[Opening RECORD SET section]

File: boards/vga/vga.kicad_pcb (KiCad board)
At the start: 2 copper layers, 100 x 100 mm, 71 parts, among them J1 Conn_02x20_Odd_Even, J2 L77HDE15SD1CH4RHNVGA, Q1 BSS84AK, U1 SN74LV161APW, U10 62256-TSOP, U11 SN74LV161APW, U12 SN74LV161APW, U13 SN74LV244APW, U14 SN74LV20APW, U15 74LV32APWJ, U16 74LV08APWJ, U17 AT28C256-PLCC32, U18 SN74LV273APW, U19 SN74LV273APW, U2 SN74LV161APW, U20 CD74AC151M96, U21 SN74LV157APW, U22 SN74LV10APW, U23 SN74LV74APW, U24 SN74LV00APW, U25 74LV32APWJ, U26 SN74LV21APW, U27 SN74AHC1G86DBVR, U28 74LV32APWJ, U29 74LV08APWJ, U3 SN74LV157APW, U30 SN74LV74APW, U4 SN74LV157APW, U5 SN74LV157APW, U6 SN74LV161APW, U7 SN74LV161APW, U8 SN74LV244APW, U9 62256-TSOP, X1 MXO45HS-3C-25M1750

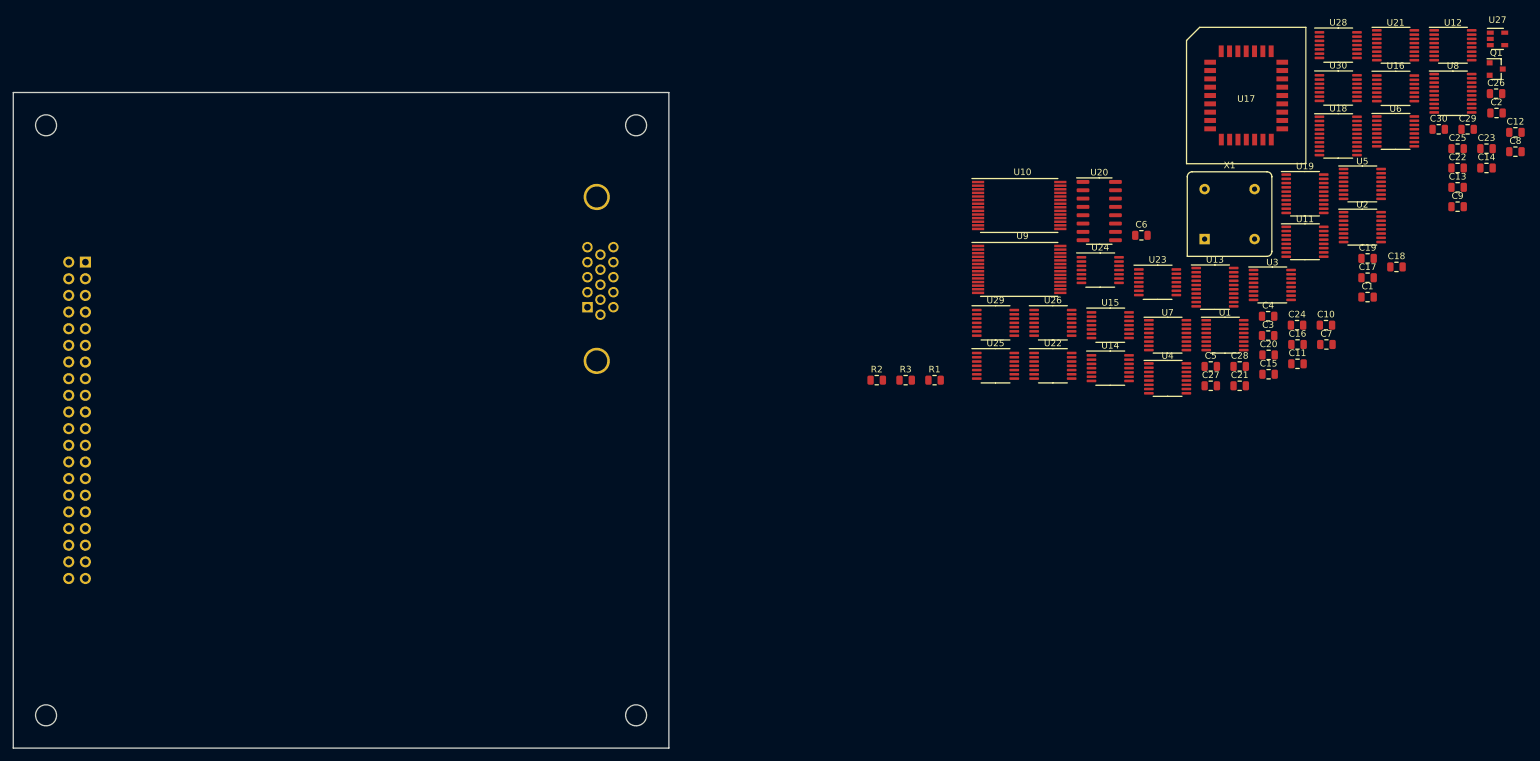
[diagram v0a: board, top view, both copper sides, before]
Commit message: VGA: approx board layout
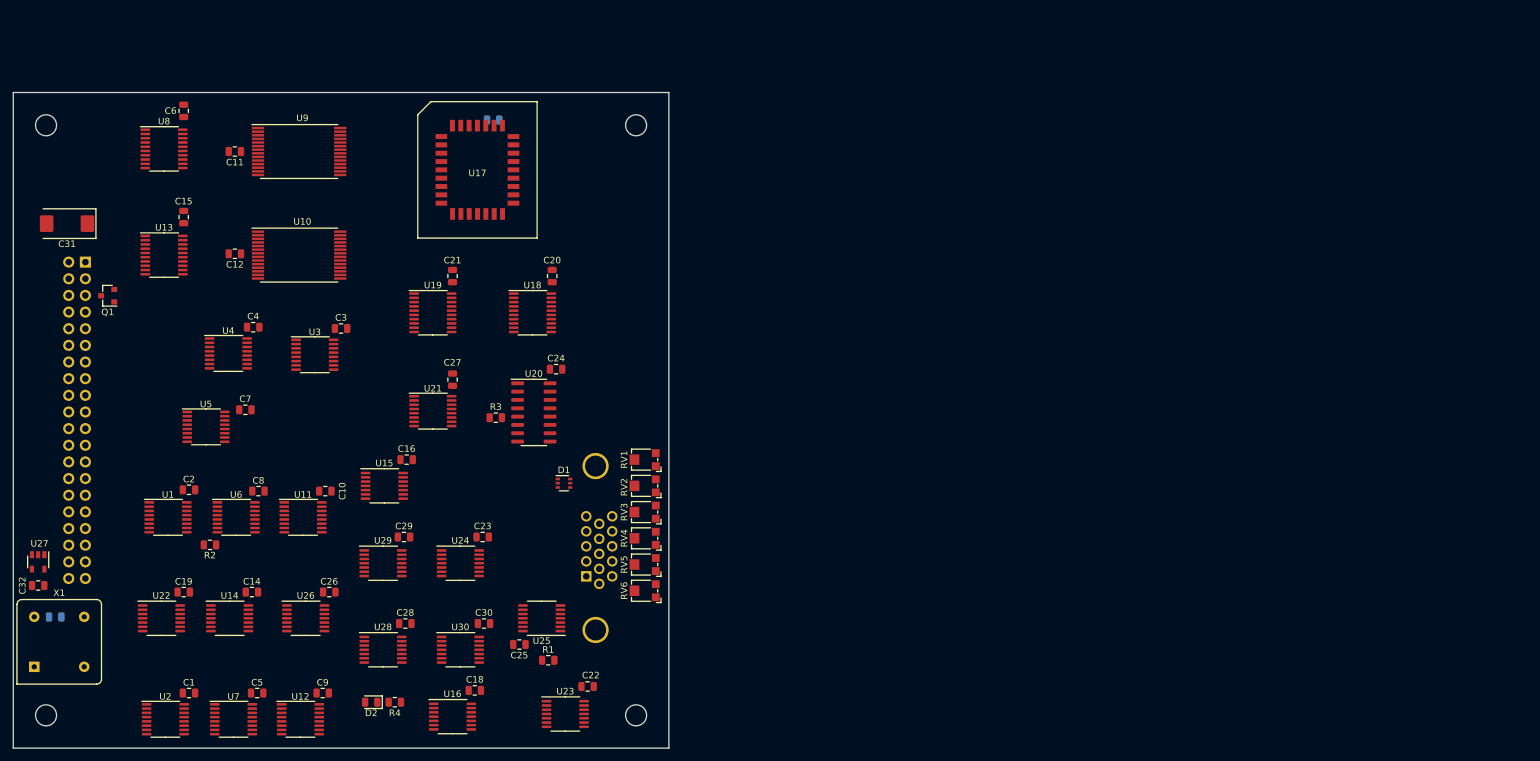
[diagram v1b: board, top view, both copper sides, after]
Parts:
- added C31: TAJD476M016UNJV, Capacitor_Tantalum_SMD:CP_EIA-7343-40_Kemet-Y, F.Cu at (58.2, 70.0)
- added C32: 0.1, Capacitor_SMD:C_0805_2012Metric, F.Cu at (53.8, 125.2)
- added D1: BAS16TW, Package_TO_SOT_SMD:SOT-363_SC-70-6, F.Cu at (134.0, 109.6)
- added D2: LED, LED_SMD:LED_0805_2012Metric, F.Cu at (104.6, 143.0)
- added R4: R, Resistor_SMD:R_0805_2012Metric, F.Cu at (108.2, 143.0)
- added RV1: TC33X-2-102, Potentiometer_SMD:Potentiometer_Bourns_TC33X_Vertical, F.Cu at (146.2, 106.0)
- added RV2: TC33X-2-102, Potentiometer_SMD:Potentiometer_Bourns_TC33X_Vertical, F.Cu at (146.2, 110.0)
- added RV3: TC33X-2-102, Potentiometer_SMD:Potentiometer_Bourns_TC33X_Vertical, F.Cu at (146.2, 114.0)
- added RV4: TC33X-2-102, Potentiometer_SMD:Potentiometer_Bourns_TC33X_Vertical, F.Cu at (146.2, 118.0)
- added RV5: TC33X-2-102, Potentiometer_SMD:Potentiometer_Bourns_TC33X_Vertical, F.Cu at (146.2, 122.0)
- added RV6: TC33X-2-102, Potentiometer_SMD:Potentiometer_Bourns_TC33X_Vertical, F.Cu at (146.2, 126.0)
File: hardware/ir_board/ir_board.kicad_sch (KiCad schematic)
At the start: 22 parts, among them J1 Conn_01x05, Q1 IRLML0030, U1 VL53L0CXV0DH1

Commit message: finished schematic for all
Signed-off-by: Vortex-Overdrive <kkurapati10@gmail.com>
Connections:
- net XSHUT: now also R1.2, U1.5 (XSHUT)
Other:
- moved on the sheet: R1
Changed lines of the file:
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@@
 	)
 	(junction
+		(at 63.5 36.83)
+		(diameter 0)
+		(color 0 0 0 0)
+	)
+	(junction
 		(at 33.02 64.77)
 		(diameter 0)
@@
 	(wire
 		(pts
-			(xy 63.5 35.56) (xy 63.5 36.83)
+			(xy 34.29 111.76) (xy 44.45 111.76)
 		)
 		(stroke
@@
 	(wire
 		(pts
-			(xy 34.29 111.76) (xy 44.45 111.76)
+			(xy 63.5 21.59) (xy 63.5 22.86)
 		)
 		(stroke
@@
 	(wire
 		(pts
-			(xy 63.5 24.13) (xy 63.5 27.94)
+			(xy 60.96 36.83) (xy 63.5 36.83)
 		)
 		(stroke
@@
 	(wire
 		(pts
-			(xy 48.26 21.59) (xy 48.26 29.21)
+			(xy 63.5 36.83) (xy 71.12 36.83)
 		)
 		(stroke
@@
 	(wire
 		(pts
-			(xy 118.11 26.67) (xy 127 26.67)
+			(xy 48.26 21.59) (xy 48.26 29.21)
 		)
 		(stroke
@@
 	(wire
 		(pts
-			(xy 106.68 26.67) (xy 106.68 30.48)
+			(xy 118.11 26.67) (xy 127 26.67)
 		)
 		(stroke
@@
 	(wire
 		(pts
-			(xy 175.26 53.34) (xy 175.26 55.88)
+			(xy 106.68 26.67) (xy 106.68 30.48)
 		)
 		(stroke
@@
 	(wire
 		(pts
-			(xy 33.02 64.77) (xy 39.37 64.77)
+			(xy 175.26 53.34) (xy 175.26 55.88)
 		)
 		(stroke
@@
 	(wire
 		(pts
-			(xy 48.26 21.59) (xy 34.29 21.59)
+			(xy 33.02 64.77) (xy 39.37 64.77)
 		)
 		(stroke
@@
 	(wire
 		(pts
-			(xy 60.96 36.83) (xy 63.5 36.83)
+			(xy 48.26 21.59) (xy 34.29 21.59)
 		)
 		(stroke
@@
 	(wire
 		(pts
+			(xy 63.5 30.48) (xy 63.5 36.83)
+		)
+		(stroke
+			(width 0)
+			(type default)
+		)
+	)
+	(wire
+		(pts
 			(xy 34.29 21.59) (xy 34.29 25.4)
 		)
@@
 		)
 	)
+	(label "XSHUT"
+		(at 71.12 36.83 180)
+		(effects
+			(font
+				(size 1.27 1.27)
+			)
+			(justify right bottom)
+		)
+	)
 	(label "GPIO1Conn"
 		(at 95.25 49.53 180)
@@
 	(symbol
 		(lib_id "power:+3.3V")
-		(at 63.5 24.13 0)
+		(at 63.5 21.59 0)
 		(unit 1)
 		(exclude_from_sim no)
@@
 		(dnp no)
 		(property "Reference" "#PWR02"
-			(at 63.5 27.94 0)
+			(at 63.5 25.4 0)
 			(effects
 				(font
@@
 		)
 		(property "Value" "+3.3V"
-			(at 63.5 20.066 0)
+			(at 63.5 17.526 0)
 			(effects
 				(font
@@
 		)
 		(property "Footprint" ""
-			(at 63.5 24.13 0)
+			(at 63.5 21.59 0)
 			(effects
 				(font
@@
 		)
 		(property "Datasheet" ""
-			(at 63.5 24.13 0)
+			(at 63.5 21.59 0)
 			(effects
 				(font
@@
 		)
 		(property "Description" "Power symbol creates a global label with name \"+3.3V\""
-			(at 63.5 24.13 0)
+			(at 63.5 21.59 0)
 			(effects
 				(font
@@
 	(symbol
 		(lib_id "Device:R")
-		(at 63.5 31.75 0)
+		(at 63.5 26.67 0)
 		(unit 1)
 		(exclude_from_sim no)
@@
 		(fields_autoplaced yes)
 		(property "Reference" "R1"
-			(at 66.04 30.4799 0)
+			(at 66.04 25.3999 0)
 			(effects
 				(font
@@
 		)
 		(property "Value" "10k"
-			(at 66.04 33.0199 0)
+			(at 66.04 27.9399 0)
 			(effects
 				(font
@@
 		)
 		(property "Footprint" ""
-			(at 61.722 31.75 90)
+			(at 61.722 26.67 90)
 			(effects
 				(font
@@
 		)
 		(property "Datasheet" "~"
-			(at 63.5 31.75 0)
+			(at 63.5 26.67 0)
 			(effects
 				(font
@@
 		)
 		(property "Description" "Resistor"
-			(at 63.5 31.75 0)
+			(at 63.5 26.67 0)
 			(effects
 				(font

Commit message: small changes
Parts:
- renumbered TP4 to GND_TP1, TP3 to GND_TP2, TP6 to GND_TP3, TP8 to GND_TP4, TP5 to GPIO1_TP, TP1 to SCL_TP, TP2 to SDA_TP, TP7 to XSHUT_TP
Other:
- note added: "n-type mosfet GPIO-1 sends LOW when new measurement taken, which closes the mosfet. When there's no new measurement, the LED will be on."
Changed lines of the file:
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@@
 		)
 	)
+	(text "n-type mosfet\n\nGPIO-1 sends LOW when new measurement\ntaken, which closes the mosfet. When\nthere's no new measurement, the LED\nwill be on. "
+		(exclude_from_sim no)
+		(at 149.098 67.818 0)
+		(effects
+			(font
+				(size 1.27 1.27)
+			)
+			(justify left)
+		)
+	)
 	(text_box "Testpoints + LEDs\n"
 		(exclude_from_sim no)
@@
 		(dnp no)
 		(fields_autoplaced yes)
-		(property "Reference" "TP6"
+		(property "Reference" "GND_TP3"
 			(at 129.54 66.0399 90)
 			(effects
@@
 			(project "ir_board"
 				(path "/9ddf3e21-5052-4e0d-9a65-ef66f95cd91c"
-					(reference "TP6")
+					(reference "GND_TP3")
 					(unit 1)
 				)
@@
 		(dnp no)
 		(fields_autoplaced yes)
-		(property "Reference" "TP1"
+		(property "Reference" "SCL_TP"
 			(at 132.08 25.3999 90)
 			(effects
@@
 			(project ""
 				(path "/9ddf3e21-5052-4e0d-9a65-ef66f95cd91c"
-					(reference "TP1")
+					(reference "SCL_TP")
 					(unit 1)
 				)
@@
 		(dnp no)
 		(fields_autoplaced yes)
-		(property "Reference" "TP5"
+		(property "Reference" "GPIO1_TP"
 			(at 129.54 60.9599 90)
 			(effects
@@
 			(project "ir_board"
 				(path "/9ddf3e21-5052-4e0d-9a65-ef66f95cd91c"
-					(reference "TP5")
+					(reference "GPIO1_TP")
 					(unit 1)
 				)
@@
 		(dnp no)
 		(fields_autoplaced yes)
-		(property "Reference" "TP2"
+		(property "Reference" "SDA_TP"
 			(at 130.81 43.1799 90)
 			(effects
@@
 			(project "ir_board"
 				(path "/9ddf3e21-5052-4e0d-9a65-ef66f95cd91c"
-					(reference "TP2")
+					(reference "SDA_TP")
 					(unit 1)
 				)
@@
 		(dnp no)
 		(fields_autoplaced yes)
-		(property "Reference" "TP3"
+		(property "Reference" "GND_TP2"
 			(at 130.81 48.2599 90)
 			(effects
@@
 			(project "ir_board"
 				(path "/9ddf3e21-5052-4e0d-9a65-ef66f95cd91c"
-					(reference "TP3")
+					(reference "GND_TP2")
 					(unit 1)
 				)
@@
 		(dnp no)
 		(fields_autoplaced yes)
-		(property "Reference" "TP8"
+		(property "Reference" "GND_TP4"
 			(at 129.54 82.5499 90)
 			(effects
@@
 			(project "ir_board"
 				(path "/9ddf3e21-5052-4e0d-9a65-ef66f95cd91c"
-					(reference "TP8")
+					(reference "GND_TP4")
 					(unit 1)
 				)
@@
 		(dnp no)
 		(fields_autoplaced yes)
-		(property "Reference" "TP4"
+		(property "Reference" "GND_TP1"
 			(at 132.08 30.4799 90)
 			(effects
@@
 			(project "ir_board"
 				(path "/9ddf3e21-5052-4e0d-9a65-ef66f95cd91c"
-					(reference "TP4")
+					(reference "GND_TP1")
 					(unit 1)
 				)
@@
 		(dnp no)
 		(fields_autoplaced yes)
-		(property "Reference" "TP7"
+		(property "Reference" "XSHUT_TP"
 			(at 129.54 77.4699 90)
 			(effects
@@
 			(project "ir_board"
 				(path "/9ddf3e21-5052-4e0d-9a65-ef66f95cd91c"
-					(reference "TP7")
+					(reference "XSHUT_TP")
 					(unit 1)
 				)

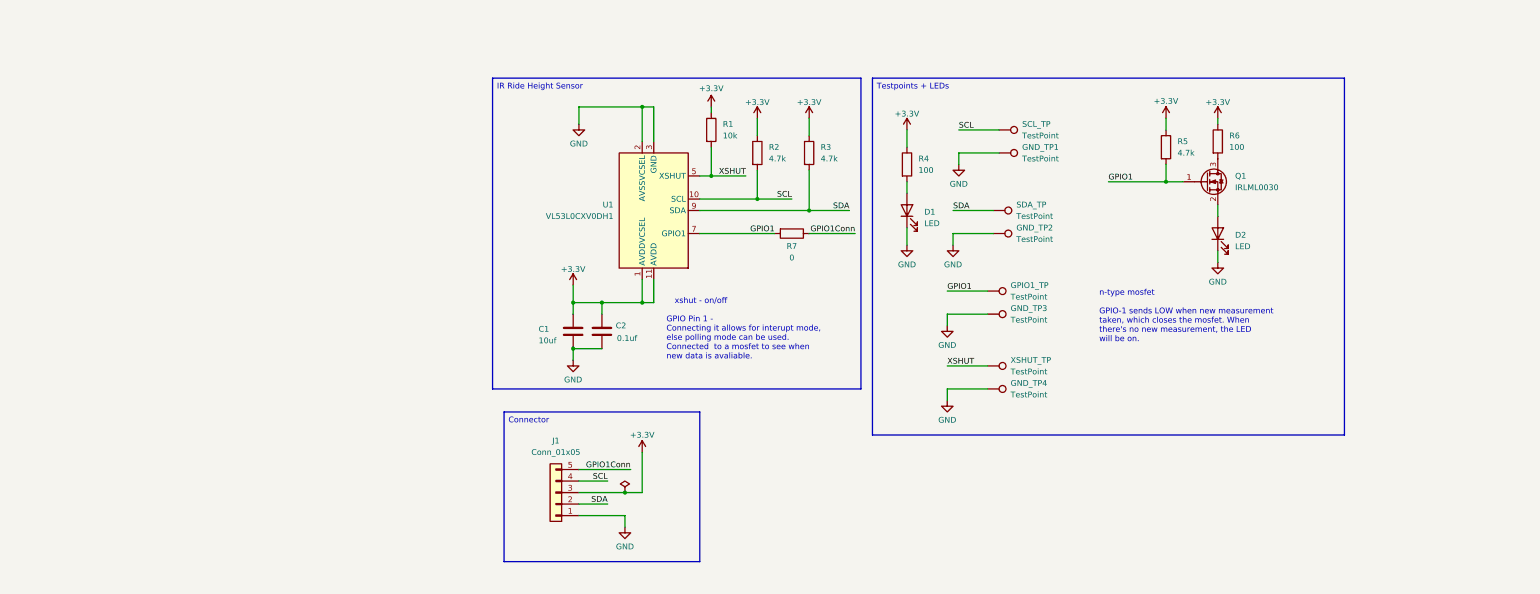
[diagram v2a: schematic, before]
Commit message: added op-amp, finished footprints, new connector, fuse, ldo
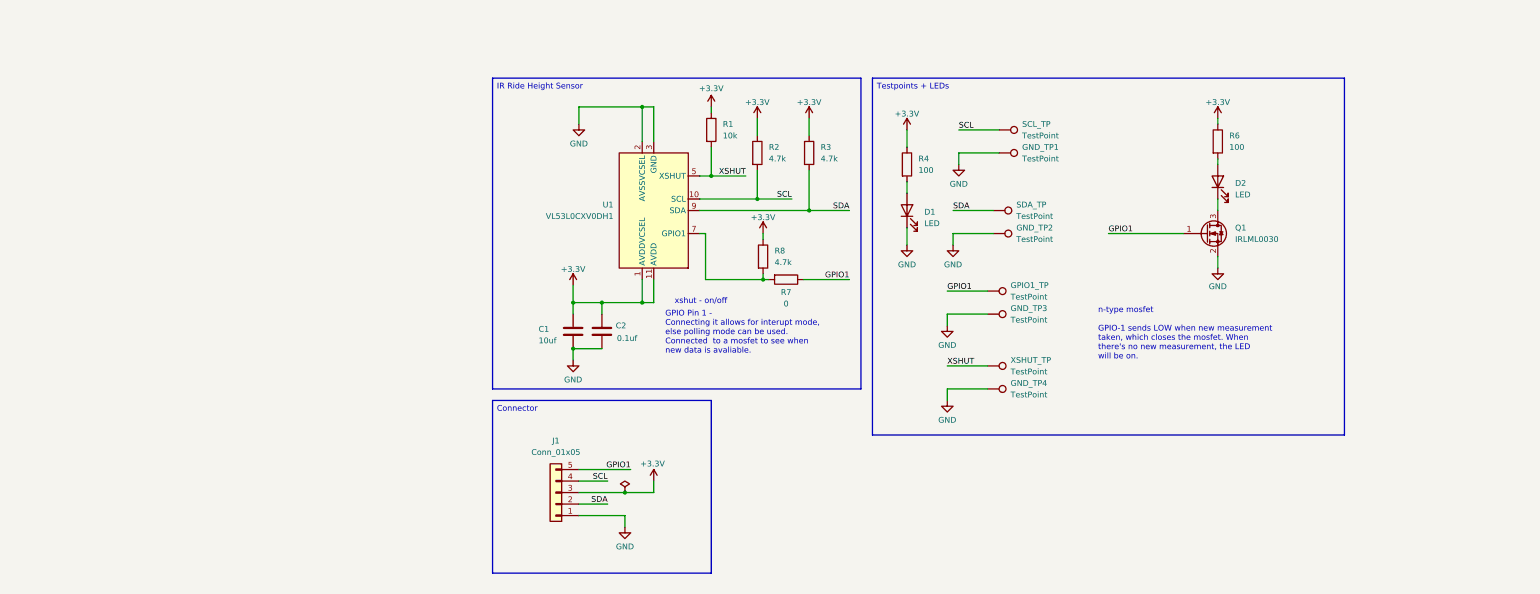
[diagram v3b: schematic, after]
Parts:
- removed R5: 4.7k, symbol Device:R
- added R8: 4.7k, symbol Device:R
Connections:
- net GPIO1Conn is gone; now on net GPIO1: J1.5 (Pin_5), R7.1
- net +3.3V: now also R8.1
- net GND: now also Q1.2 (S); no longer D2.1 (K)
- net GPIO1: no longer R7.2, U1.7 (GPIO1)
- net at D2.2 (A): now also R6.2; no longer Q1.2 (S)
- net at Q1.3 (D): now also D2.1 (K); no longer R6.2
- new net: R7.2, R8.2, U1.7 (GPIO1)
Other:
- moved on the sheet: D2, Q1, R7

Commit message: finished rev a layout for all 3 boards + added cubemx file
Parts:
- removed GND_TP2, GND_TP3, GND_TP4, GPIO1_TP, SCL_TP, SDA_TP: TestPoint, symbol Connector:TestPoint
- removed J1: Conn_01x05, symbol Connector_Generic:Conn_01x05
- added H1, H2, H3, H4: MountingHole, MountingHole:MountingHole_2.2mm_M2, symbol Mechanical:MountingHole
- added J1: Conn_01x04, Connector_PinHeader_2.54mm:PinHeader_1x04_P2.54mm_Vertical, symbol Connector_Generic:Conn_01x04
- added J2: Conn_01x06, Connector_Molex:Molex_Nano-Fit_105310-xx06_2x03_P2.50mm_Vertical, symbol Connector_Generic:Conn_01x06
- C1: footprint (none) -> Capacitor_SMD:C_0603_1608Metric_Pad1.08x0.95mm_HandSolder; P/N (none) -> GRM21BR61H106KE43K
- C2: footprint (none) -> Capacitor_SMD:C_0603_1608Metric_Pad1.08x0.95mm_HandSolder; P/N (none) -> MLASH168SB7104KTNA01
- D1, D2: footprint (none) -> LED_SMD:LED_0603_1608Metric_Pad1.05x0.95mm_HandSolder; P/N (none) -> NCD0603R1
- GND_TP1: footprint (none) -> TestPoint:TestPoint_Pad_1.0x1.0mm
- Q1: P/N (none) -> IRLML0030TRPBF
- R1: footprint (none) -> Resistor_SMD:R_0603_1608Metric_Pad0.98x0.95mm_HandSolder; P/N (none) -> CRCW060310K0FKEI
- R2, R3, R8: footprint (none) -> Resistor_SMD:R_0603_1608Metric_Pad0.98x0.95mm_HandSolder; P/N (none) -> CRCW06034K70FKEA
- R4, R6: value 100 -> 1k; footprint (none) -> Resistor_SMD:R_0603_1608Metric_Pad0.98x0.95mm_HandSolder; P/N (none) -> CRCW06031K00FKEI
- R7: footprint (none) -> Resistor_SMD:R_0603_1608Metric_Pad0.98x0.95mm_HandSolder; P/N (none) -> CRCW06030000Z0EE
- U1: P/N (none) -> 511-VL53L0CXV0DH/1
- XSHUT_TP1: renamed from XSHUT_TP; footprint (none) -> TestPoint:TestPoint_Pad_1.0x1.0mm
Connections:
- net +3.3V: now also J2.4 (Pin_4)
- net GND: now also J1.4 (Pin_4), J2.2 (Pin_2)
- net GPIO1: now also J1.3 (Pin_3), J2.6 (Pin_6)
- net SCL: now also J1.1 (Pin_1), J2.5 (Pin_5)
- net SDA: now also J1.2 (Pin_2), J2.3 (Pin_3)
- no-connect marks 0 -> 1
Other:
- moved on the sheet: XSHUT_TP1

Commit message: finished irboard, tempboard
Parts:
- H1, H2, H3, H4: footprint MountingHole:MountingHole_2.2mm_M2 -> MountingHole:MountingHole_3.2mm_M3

[Closing RECORD SET section]

INSTRUCTIONS FOR THE TASK: Each line above with the word "removed" needs to be copied.

TASK ANSWER:
- removed R5: 4.7k, symbol Device:R
- removed GND_TP2, GND_TP3, GND_TP4, GPIO1_TP, SCL_TP, SDA_TP: TestPoint, symbol Connector:TestPoint
- removed J1: Conn_01x05, symbol Connector_Generic:Conn_01x05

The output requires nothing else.